## WORK INSTRUCTION
From the entries below, return exactly the lines beginning at the one that contains "Gain10 : Gain" and ending at the one that contains "Gain20 : Gain", both of them included, and only those lines.

## EXCERPTED RECORDS

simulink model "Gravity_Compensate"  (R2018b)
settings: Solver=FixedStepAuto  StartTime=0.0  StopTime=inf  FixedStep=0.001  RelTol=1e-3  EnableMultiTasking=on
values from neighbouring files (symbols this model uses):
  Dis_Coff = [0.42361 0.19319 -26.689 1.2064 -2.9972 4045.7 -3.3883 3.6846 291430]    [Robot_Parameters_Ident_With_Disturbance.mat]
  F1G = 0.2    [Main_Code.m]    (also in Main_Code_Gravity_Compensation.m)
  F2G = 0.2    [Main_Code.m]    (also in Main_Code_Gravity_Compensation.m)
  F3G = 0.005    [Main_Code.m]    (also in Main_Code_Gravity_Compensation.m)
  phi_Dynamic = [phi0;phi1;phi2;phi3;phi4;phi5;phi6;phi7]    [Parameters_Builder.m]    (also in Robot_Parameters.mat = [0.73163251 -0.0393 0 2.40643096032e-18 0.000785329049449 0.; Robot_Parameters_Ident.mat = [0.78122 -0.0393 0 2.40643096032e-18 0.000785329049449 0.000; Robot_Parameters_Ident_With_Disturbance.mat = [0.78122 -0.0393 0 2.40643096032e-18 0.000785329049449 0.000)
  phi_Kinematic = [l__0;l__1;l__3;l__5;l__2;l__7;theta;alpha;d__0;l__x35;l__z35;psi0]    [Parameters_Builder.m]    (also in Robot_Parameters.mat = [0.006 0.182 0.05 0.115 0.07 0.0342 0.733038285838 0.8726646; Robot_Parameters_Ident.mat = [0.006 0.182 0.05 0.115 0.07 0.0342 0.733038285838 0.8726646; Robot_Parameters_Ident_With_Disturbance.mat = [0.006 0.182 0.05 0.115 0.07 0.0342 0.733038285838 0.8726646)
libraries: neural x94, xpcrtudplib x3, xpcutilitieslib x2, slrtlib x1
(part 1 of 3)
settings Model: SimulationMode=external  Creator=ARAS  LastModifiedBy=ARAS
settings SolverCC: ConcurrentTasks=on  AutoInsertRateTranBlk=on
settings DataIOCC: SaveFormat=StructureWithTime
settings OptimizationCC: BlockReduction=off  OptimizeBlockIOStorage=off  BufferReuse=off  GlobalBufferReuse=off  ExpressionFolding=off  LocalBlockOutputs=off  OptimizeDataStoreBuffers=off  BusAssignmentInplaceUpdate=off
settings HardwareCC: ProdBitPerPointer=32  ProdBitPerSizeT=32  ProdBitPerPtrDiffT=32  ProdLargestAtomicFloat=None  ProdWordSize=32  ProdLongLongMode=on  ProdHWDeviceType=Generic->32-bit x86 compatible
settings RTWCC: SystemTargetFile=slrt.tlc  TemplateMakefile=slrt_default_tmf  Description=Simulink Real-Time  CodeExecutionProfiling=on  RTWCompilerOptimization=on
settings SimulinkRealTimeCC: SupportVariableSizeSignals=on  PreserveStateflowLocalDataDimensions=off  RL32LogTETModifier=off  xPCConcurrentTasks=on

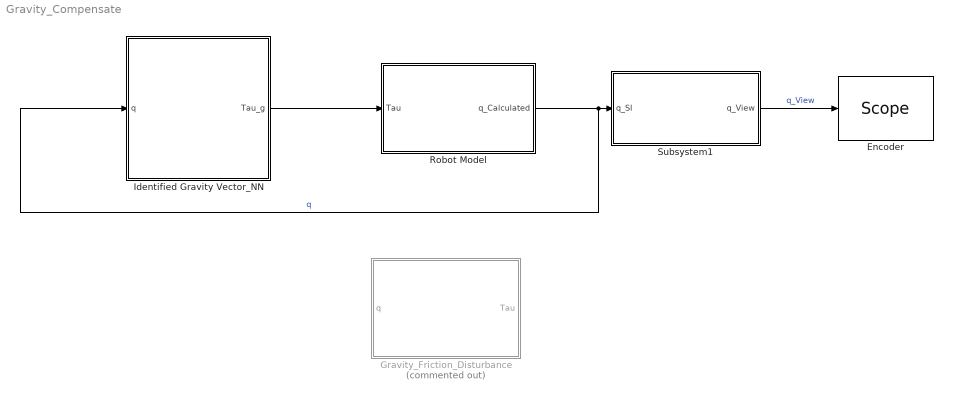
== system Gravity_Compensate ==
  Encoder : slrtlib/Displays and Logging/Scope   scopeno=2  scopetype=Target  autostart=on  viewmode=Numerical  formatstr='%15.6f'  grid=on  ylimits=[0,0]  nosamples=3  noprepostsamples=0  interleave=1  triggermode=FreeRun  triggersignal=1  trigsignalfromport=off  triggerlevel=0.0  triggerslope=Either  triggerscope=1  triggersample=0  filename=data.dat  mode=Lazy  writesize=512  autorestart=off  dynamicfilemode=off  maxwritefilesize=512*1024^2
  Gravity_Friction_Disturbance : Subsystem  Commented=on
  Identified Gravity Vector_NN : Subsystem
  Robot Model : Subsystem
  Subsystem1 : Subsystem
  wires:
  Subsystem1/1(q_View) -> Encoder/1  "q_View"
  Robot Model/1(q_Calculated) -> Identified Gravity Vector_NN/1(q), Subsystem1/1(q_SI)  "q"
  Identified Gravity Vector_NN/1(Tau_g) -> Robot Model/1(Tau)

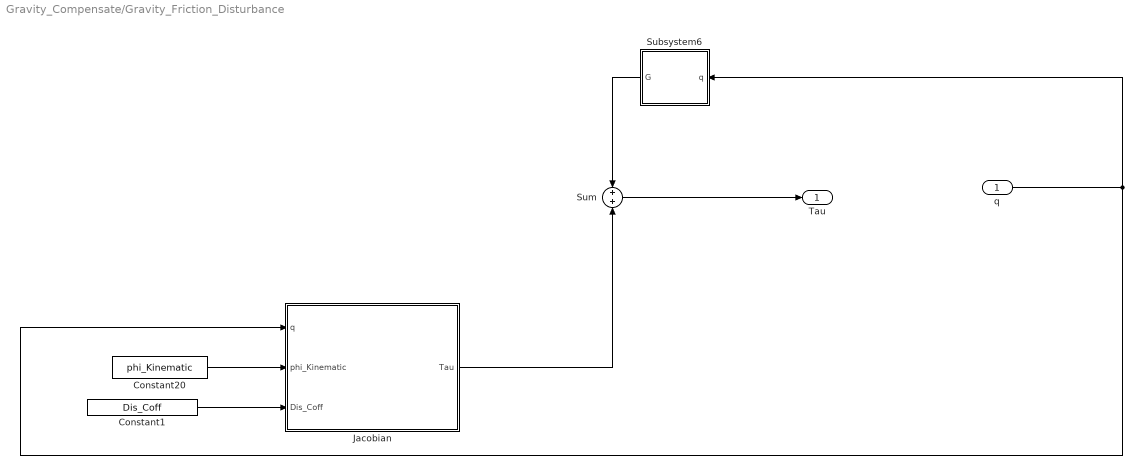
== system Gravity_Compensate/Gravity_Friction_Disturbance ==
  q : Inport
  Constant1 : Constant  Value=Dis_Coff
  Constant20 : Constant  Value=phi_Kinematic
  Jacobian : MATLAB Function  TreatAsAtomicUnit=on
  Subsystem6 : Subsystem
  Sum : Sum  Inputs=+|+
  Tau : Outport
  wires:
  q/1 -> Jacobian/1(q), Subsystem6/1(q)
  Constant1/1 -> Jacobian/3(Dis_Coff)
  Jacobian/1(Tau) -> Sum/2
  Constant20/1 -> Jacobian/2(phi_Kinematic)
  Subsystem6/1(G) -> Sum/1
  Sum/1 -> Tau/1

== system Gravity_Compensate/Identified Gravity Vector_NN ==
  q : Inport
  High_Epoch_Model : Subsystem
      mask help: Function Fitting Neural Network
      mask Display: e = 0.06;c1 = [120 150 230]/255;c2 = ([120 150 230]+0)/383;c3 = ([120 150 230]+128)/383;patch([0 1 1 0],[0 0 1 1],c1);patch([0 1 1 1-e 1-e 0+e],[0 0 1 1-e 0+e 0+e],c2);patch([0 0 1 1-e 0+e 0+e],[0 1 1 1-e 1-e 0+e],c3);plot([0 1 1 0 0],[0 0 1 1 0]);fprintf('NNET');port_label('input',1,' Input');port_label('output',1,'Output ');
  Simple_Model : Subsystem  Commented=on
      mask help: Function Fitting Neural Network
      mask Display: e = 0.06;c1 = [120 150 230]/255;c2 = ([120 150 230]+0)/383;c3 = ([120 150 230]+128)/383;patch([0 1 1 0],[0 0 1 1],c1);patch([0 1 1 1-e 1-e 0+e],[0 0 1 1-e 0+e 0+e],c2);patch([0 0 1 1-e 0+e 0+e],[0 1 1 1-e 1-e 0+e],c3);plot([0 1 1 0 0],[0 0 1 1 0]);fprintf('NNET');port_label('input',1,' Input');port_label('output',1,'Output ');
  Tau_g : Outport
  wires:
  High_Epoch_Model/1(Output) -> Tau_g/1
  q/1 -> High_Epoch_Model/1(Input)

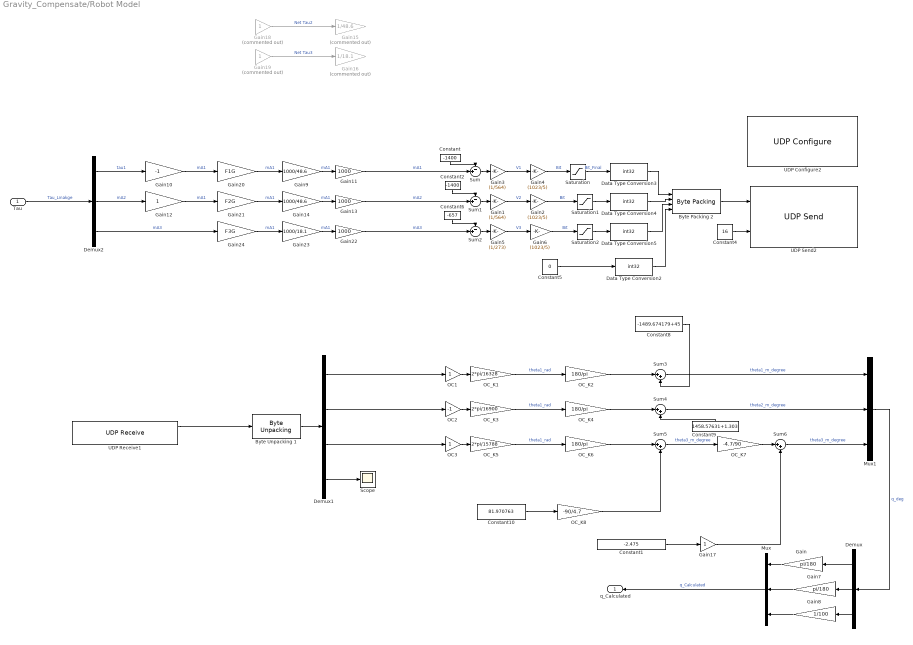
== system Gravity_Compensate/Robot Model ==
  Tau : Inport
  Byte Packing 2 : xpcutilitieslib/Byte Packing   MaskPackedDataType=uint8  MaskUnpackedDataTypes={'int32','int32','int32','int32'}  MaskAlignment=1
  Byte Unpacking 1 : xpcutilitieslib/Byte Unpacking   MaskUnpackedDataTypes={'int32'}  MaskUnpackedDataSizes={[4]}  MaskAlignment=1
      settings: SourceProductName=Simulink Real-Time  SourceProductBaseCode=XP
  Constant : Constant  Value=-1400
  Constant1 : Constant  Value=-2.475
  Constant10 : Constant  Value=81.970763
  Constant2 : Constant  Value=-1400
  Constant4 : Constant  Value=16
  Constant5 : Constant  Value=0
  Constant6 : Constant  Value=-657
  Constant8 : Constant  Value=-1489.674179+45
  Constant9 : Constant  Value=1458.57631+1.303
  Data Type Conversion{2..5} (4 alike) : DataTypeConversion  OutDataTypeStr=int32
  Demux : Demux  Outputs=3
  Demux1 : Demux
  Demux2 : Demux  Outputs=3
  Gain : Gain  Gain=pi/180
  Gain1 : Gain  Gain=(1/564)
  Gain10 : Gain  Gain=-1
  Gain11 : Gain  Gain=1000
  Gain12 : Gain
  Gain13 : Gain  Gain=1000
  Gain14 : Gain  Gain=1000/48.6
  Gain15 : Gain  Commented=on  Gain=1/48.6
  Gain16 : Gain  Commented=on  Gain=1/18.1
  Gain17 : Gain
  Gain18 : Gain  Commented=on
  Gain19 : Gain  Commented=on
  Gain2 : Gain  Gain=(1023/5)
  Gain20 : Gain  Gain=F1G
  Gain21 : Gain  Gain=F2G
  Gain22 : Gain  Gain=1000
  Gain23 : Gain  Gain=1000/18.1
  Gain24 : Gain  Gain=F3G
  Gain3 : Gain  Gain=(1/564)
  Gain4 : Gain  Gain=(1023/5)
  Gain5 : Gain  Gain=(1/273)
  Gain6 : Gain  Gain=(1023/5)
  Gain7 : Gain  Gain=pi/180
  Gain8 : Gain  Gain=1/100
  Gain9 : Gain  Gain=1000/48.6
  Mux : Mux  Inputs=3
  Mux1 : Mux  Inputs=3
  OC1 : Gain  ParamDataTypeStr=double  OutDataTypeStr=double
  OC2 : Gain  Gain=-1  ParamDataTypeStr=double  OutDataTypeStr=double
  OC3 : Gain  ParamDataTypeStr=double  OutDataTypeStr=double
  OC_K1 : Gain  Gain=2*pi/16328  ParamDataTypeStr=double  OutDataTypeStr=double
  OC_K2 : Gain  Gain=180/pi  ParamDataTypeStr=double  OutDataTypeStr=double
  OC_K3 : Gain  Gain=2*pi/16900  ParamDataTypeStr=double  OutDataTypeStr=double
  OC_K4 : Gain  Gain=180/pi  ParamDataTypeStr=double  OutDataTypeStr=double
  OC_K5 : Gain  Gain=2*pi/15788  ParamDataTypeStr=double  OutDataTypeStr=double
  OC_K6 : Gain  Gain=180/pi  ParamDataTypeStr=double  OutDataTypeStr=double
  OC_K7 : Gain  Gain=-4.7/90  ParamDataTypeStr=double  OutDataTypeStr=double
  OC_K8 : Gain  Gain=-90/4.7  ParamDataTypeStr=double  OutDataTypeStr=double
  Saturation : Saturate  UpperLimit=1023  LowerLimit=0
  Saturation1 : Saturate  UpperLimit=1023  LowerLimit=0
  Saturation2 : Saturate  UpperLimit=1023  LowerLimit=0
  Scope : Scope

## YOUR SOLUTION
  Gain10 : Gain  Gain=-1
  Gain11 : Gain  Gain=1000
  Gain12 : Gain
  Gain13 : Gain  Gain=1000
  Gain14 : Gain  Gain=1000/48.6
  Gain15 : Gain  Commented=on  Gain=1/48.6
  Gain16 : Gain  Commented=on  Gain=1/18.1
  Gain17 : Gain
  Gain18 : Gain  Commented=on
  Gain19 : Gain  Commented=on
  Gain2 : Gain  Gain=(1023/5)
  Gain20 : Gain  Gain=F1G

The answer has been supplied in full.